- ACTION ITEM:
If a line below contains the string "connected", copy it out.

[Stored entries]
-------

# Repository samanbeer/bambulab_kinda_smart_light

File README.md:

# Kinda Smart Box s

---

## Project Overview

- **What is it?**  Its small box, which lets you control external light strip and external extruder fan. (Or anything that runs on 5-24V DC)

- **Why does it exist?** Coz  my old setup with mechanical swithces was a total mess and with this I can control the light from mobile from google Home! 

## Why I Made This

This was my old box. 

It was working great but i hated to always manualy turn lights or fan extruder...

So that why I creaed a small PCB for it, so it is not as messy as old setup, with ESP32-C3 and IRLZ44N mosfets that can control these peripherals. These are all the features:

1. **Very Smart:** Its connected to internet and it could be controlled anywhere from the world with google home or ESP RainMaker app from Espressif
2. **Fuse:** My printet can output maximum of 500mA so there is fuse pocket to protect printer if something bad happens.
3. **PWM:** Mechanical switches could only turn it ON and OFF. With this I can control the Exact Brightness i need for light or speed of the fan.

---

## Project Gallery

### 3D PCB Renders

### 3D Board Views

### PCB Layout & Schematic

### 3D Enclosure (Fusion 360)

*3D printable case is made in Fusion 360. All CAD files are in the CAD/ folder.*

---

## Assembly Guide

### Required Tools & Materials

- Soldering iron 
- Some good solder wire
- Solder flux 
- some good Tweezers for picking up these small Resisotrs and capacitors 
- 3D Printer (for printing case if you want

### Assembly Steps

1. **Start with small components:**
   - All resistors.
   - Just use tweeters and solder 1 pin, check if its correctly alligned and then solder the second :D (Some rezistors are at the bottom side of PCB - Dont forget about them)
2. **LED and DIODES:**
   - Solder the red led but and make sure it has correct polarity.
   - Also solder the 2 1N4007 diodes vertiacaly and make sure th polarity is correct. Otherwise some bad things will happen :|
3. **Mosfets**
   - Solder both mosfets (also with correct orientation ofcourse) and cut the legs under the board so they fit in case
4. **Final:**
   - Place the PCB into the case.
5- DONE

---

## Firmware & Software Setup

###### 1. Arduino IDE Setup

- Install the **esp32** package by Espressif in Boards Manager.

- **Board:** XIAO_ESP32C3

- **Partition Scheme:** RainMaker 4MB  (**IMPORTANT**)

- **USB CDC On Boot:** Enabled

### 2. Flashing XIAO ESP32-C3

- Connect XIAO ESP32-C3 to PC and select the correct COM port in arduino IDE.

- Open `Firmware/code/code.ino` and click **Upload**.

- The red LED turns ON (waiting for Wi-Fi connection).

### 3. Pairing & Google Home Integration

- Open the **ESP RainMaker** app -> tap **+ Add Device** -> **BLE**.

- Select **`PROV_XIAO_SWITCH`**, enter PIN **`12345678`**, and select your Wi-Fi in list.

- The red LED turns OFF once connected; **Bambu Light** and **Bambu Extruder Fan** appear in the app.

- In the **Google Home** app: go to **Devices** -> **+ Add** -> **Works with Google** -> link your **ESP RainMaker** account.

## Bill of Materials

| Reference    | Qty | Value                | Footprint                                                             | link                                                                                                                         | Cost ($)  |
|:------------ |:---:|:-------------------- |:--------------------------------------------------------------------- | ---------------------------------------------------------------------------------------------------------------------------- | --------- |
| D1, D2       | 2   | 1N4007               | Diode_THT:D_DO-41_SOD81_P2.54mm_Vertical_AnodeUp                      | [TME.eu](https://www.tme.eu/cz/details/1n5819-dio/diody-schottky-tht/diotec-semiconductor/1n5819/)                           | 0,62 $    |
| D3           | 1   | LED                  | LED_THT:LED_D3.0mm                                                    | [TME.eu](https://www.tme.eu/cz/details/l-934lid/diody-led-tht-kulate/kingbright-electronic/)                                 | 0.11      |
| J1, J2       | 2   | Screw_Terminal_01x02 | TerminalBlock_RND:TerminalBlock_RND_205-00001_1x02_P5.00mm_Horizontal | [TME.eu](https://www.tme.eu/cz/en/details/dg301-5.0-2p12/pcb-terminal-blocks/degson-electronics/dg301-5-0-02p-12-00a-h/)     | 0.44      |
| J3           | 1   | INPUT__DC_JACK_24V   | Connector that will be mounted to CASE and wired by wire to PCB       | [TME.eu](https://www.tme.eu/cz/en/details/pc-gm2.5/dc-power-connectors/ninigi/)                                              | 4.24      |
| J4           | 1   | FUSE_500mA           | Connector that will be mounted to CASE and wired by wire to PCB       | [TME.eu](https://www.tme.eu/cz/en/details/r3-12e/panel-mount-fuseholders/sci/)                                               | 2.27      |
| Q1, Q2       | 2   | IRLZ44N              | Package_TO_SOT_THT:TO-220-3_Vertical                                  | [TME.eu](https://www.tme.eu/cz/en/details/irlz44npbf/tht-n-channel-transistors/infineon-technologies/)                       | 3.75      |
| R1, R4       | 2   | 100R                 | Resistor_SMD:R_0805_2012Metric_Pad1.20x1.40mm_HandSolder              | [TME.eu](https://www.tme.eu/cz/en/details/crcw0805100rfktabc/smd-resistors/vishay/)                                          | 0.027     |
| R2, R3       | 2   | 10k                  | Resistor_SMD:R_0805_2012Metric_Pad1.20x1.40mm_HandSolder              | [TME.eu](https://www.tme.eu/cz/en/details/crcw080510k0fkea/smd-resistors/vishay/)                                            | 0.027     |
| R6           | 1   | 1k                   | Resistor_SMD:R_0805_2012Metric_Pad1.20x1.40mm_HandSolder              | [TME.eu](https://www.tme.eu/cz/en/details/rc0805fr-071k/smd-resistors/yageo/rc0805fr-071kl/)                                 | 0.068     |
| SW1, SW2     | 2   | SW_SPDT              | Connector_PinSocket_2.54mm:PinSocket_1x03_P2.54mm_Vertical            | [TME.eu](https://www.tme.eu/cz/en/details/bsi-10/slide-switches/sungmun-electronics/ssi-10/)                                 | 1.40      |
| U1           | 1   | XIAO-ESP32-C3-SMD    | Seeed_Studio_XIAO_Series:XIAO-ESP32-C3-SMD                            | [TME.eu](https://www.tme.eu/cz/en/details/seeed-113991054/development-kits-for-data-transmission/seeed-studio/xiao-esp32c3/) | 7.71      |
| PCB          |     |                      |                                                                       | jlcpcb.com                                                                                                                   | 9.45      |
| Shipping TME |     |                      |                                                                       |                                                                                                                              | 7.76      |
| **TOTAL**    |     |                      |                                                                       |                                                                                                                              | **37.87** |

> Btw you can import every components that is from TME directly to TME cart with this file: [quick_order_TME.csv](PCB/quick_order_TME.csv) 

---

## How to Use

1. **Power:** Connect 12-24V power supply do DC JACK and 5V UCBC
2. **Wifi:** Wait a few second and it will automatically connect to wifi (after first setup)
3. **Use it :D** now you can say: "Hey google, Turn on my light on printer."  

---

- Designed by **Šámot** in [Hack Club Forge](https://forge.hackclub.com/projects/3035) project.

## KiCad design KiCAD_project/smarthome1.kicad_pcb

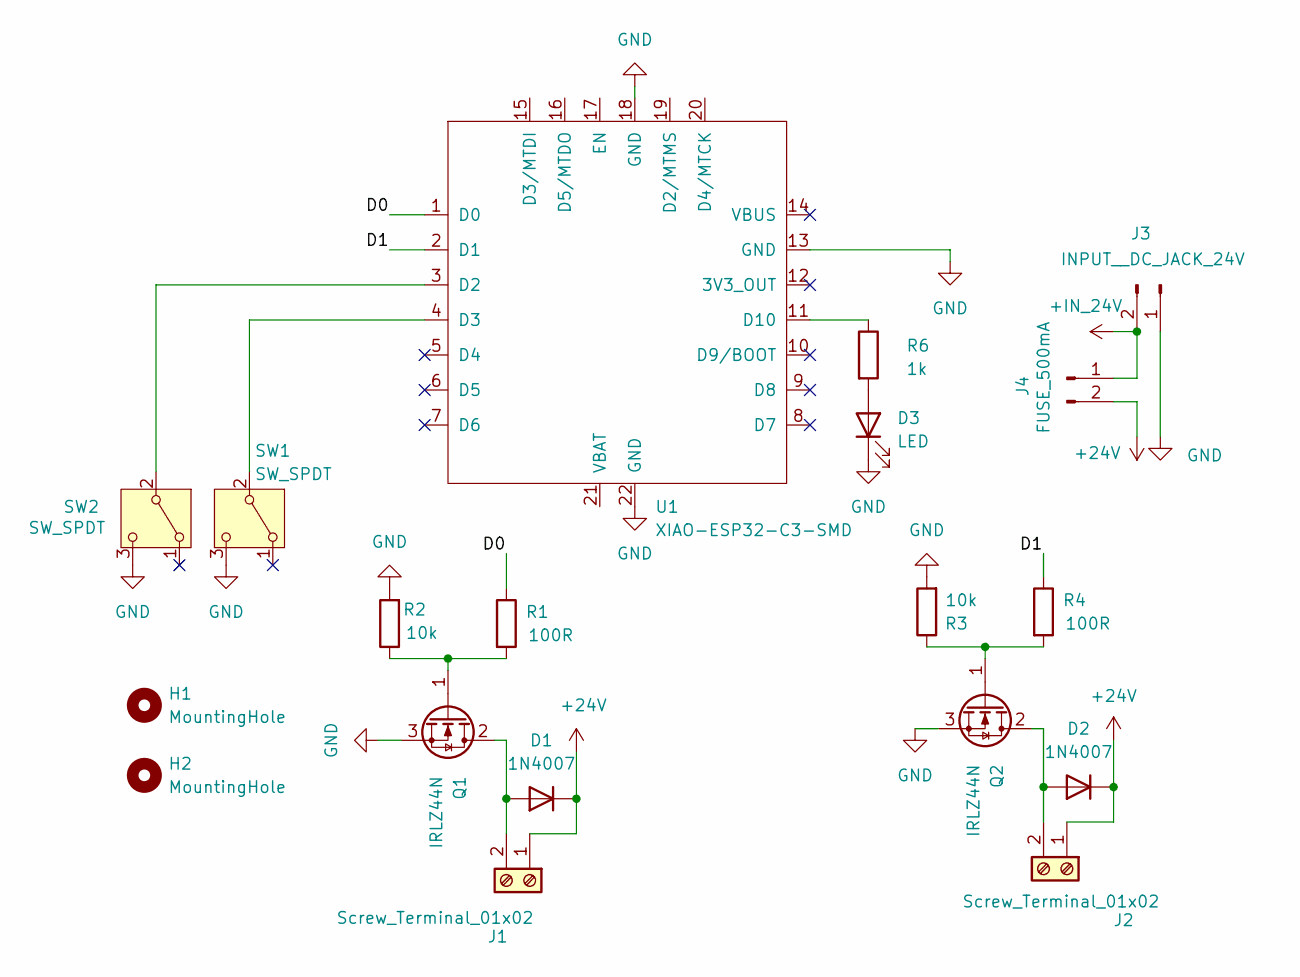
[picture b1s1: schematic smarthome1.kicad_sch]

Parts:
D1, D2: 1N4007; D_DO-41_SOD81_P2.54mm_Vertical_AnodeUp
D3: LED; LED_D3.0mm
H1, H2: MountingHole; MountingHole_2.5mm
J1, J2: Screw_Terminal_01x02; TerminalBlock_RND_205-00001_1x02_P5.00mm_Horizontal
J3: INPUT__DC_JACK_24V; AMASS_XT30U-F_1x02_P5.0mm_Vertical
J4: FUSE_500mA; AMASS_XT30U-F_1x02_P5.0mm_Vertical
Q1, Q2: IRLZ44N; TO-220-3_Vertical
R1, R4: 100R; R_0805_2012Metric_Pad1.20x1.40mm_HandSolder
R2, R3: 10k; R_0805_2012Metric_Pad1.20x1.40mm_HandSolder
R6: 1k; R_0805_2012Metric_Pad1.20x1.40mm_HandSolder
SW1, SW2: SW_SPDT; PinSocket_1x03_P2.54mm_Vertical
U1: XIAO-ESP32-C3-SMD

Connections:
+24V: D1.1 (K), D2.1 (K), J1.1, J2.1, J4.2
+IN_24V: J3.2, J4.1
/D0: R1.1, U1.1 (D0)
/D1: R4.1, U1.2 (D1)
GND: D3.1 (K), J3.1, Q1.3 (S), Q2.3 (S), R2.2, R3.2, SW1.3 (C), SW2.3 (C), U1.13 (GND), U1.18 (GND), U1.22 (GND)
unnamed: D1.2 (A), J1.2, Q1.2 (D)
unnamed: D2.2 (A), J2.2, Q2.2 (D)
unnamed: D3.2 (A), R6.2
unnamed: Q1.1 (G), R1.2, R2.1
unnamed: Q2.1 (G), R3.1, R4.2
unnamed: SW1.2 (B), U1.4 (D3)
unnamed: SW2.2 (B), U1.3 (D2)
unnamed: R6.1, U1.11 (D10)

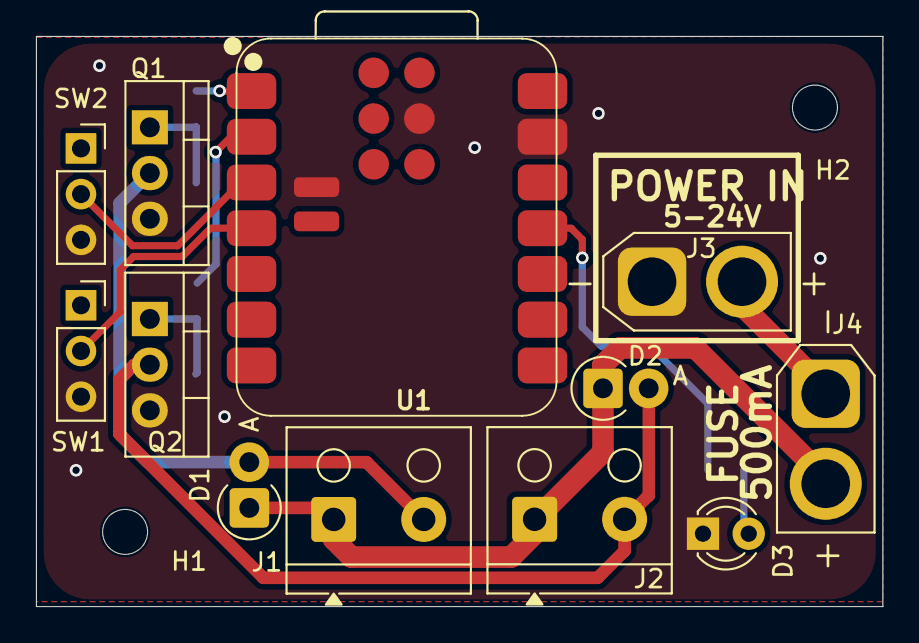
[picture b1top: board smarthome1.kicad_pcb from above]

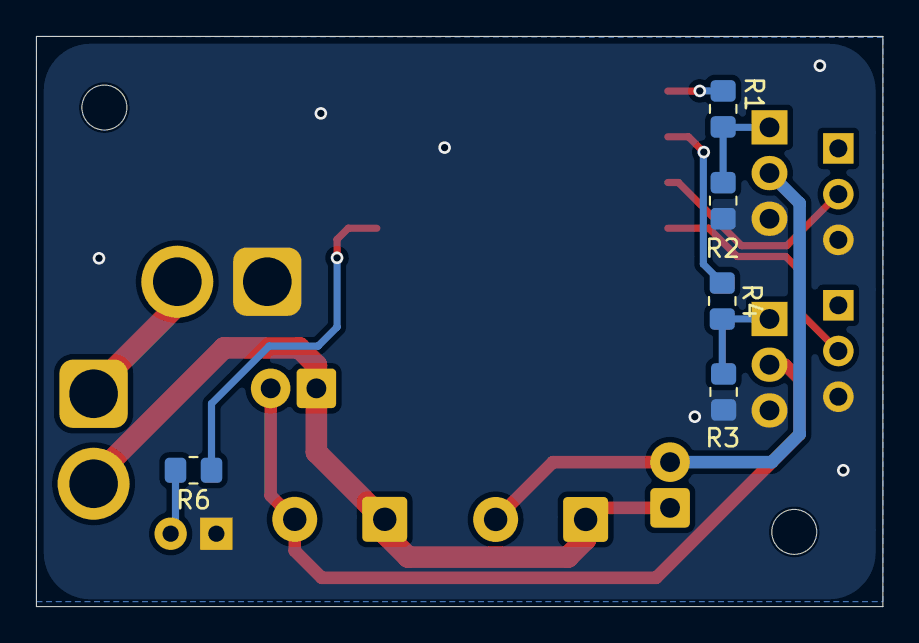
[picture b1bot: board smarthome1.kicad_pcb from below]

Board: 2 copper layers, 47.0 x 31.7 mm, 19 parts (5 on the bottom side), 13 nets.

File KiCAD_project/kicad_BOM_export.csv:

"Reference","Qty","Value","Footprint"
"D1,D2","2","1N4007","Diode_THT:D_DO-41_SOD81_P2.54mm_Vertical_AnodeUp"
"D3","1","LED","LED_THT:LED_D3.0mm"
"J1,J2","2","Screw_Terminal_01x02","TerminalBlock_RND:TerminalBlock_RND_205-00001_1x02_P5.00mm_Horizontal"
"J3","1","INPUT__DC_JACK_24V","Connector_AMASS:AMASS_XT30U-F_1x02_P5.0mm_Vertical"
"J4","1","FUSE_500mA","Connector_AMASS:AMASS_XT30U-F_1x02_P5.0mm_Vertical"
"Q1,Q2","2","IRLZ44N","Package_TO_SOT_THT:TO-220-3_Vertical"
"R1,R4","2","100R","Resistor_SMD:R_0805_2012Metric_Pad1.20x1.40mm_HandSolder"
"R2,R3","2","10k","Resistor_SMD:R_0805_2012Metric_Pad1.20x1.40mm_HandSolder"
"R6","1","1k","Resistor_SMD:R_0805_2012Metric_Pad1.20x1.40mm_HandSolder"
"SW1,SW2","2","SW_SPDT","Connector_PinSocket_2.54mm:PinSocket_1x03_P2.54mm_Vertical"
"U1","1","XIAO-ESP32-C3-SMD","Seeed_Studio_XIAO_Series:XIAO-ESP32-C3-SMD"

-------

- WRITTEN ANSWER:
1. **Very Smart:** Its connected to internet and it could be controlled anywhere from the world with google home or ESP RainMaker app from Espressif
- The red LED turns OFF once connected; **Bambu Light** and **Bambu Extruder Fan** appear in the app.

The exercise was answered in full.